- [Exercise data]
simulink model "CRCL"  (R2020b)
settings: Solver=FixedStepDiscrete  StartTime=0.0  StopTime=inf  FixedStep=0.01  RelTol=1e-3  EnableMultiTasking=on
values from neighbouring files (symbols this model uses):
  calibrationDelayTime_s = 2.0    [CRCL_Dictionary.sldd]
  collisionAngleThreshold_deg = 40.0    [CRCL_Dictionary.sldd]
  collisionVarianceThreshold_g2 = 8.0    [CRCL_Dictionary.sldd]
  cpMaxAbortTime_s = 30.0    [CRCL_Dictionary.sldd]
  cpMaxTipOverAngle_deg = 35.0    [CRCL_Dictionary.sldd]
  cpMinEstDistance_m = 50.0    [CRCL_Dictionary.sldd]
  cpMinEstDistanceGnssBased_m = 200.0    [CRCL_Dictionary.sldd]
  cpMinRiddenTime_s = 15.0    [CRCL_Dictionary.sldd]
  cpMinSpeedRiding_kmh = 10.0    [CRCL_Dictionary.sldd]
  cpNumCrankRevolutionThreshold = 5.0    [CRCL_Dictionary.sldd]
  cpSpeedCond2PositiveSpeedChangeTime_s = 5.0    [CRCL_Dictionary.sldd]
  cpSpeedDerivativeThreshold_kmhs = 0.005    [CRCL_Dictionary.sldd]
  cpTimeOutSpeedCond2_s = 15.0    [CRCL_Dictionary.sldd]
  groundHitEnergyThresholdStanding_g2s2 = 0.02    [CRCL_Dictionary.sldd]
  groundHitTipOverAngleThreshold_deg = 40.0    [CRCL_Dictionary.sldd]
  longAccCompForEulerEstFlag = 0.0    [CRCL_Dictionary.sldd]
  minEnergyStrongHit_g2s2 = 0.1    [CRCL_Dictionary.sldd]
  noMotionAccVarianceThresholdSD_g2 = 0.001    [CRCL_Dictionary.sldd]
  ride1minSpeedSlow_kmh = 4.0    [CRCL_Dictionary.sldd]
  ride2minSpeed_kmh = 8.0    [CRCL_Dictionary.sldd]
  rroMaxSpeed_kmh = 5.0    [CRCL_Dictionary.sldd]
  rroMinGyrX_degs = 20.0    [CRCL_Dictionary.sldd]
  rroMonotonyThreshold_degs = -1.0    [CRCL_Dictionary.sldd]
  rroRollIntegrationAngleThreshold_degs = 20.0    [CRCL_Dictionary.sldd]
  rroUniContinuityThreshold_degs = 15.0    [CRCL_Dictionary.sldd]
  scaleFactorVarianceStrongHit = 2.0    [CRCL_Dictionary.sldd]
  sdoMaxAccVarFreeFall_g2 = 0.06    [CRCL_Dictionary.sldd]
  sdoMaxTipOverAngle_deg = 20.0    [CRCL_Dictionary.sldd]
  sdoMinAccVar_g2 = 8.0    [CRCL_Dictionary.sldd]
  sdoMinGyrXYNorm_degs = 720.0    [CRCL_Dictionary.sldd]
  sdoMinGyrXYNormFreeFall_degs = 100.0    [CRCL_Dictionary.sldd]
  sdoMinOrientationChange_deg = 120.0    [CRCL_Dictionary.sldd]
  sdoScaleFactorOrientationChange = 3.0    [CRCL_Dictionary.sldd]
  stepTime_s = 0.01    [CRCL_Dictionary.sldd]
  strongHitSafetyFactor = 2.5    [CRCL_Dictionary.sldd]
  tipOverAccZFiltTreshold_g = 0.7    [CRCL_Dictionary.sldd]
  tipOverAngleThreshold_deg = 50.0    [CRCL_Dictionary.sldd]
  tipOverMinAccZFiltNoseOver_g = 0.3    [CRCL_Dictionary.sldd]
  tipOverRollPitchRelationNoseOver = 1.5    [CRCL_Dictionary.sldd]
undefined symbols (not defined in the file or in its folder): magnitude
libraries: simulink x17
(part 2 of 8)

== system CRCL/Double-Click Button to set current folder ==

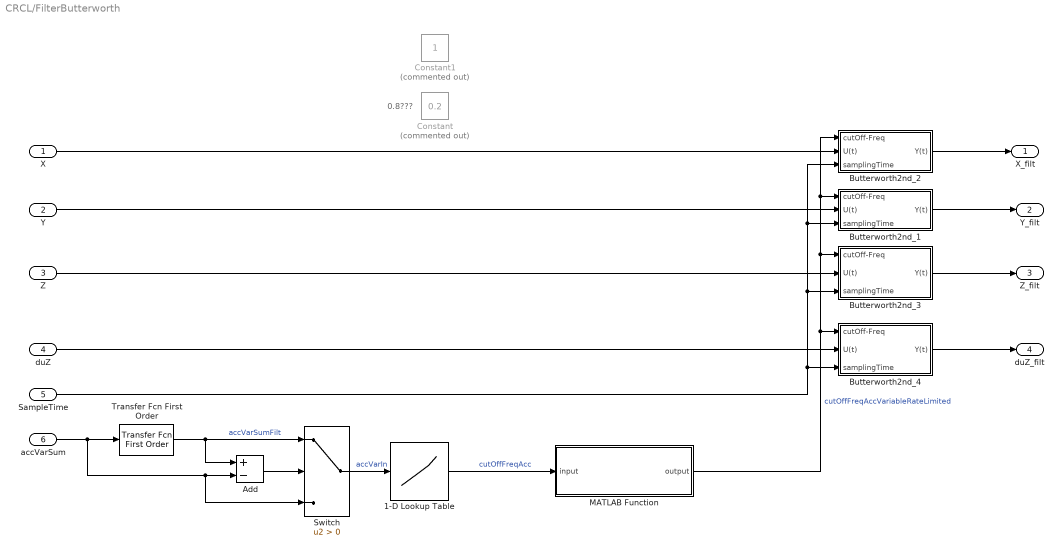
== system CRCL/FilterButterworth ==
  note: 0.8???
  X : Inport
  Y : Inport  Port=2
  Z : Inport  Port=3
  duZ : Inport  Port=4
  SampleTime : Inport  Port=5
  "accVarSum " : Inport  Port=6
  1-D Lookup Table : Lookup_n-D  NumberOfTableDimensions=1  BreakpointsForDimension1=[0 0.0005 0.005 0.01 0.1 50]  Table=[10 10 1 0.5 0.2 0.2]  InternalRulePriority=Speed  RndMeth=Simplest  InputSameDT=on
  Add : Sum  Inputs=+-
  Butterworth2nd_1 : Subsystem
  Butterworth2nd_2 : Subsystem
  Butterworth2nd_3 : Subsystem
  Butterworth2nd_4 : Subsystem
  Constant : Constant  Commented=on  Value=0.2  OutDataTypeStr=single
  Constant1 : Constant  Commented=on
  MATLAB Function : MATLAB Function  TreatAsAtomicUnit=on
  Switch : Switch  Criteria=u2 > Threshold
  Transfer Fcn First Order : simulink/Discrete/Transfer Fcn First Order  PoleZ=0.92  ICPrevOutput=0.0  DoSatur=off
  X_filt : Outport  VectorParamsAs1DForOutWhenUnconnected=off
  Y_filt : Outport  Port=2  VectorParamsAs1DForOutWhenUnconnected=off
  Z_filt : Outport  Port=3  VectorParamsAs1DForOutWhenUnconnected=off
  duZ_filt : Outport  Port=4  VectorParamsAs1DForOutWhenUnconnected=off
  wires:
  Butterworth2nd_2/1(Y(t)) -> X_filt/1
  Butterworth2nd_1/1(Y(t)) -> Y_filt/1
  Butterworth2nd_3/1(Y(t)) -> Z_filt/1
  Z/1 -> Butterworth2nd_3/2(U(t))
  Y/1 -> Butterworth2nd_1/2(U(t))
  X/1 -> Butterworth2nd_2/2(U(t))
  "accVarSum "/1 -> Switch/3, Add/2, Transfer Fcn First Order/1
  Add/1 -> Switch/2
  Transfer Fcn First Order/1 -> Add/1, Switch/1  "accVarSumFilt"
  Switch/1 -> 1-D Lookup Table/1  "accVarIn"
  1-D Lookup Table/1 -> MATLAB Function/1(input)  "cutOffFreqAcc"
  MATLAB Function/1(output) -> Butterworth2nd_4/1(cutOff-Freq), Butterworth2nd_2/1(cutOff-Freq), Butterworth2nd_1/1(cutOff-Freq), Butterworth2nd_3/1(cutOff-Freq)  "cutOffFreqAccVariableRateLimited"
  duZ/1 -> Butterworth2nd_4/2(U(t))
  Butterworth2nd_4/1(Y(t)) -> duZ_filt/1
  SampleTime/1 -> Butterworth2nd_4/3(samplingTime), Butterworth2nd_1/3(samplingTime), Butterworth2nd_2/3(samplingTime), Butterworth2nd_3/3(samplingTime)

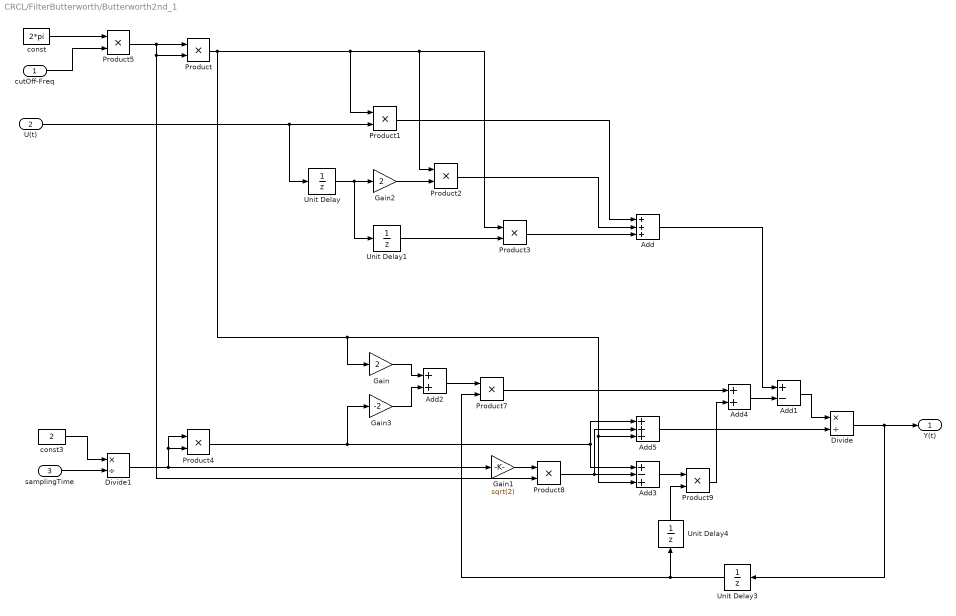
== system CRCL/FilterButterworth/Butterworth2nd_1 ==
  cutOff-Freq : Inport
  U(t) : Inport  Port=2
  samplingTime : Inport  Port=3
  Add : Sum  Inputs=+++
  Add1 : Sum  Inputs=+-
  Add2 : Sum
  Add3 : Sum  Inputs=+-+
  Add4 : Sum
  Add5 : Sum  Inputs=+++
  Divide : Product  Inputs=*/
  Divide1 : Product  Inputs=*/
  Gain : Gain  Gain=2
  Gain1 : Gain  Gain=sqrt(2)
  Gain2 : Gain  Gain=2
  Gain3 : Gain  Gain=-2
  Product{,1..5,7..9} (9 alike) : Product  RndMeth=Zero
  Unit Delay{,1,3..4} (4 alike) : UnitDelay  SampleTime=-1  HasFrameUpgradeWarning=on
  const : Constant  Value=2*pi  OutDataTypeStr=single
  const3 : Constant  Value=2  OutDataTypeStr=single
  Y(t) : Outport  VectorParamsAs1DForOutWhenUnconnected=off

- [Exercise aim] From the records above, write out exactly the lines that begin at the line with "system CRCL/Double-Click Button" and end at the line with "Switch : Switch". Pictures must not appear in the output.

- [Answer area]
== system CRCL/Double-Click Button to set current folder ==

== system CRCL/FilterButterworth ==
  note: 0.8???
  X : Inport
  Y : Inport  Port=2
  Z : Inport  Port=3
  duZ : Inport  Port=4
  SampleTime : Inport  Port=5
  "accVarSum " : Inport  Port=6
  1-D Lookup Table : Lookup_n-D  NumberOfTableDimensions=1  BreakpointsForDimension1=[0 0.0005 0.005 0.01 0.1 50]  Table=[10 10 1 0.5 0.2 0.2]  InternalRulePriority=Speed  RndMeth=Simplest  InputSameDT=on
  Add : Sum  Inputs=+-
  Butterworth2nd_1 : Subsystem
  Butterworth2nd_2 : Subsystem
  Butterworth2nd_3 : Subsystem
  Butterworth2nd_4 : Subsystem
  Constant : Constant  Commented=on  Value=0.2  OutDataTypeStr=single
  Constant1 : Constant  Commented=on
  MATLAB Function : MATLAB Function  TreatAsAtomicUnit=on
  Switch : Switch  Criteria=u2 > Threshold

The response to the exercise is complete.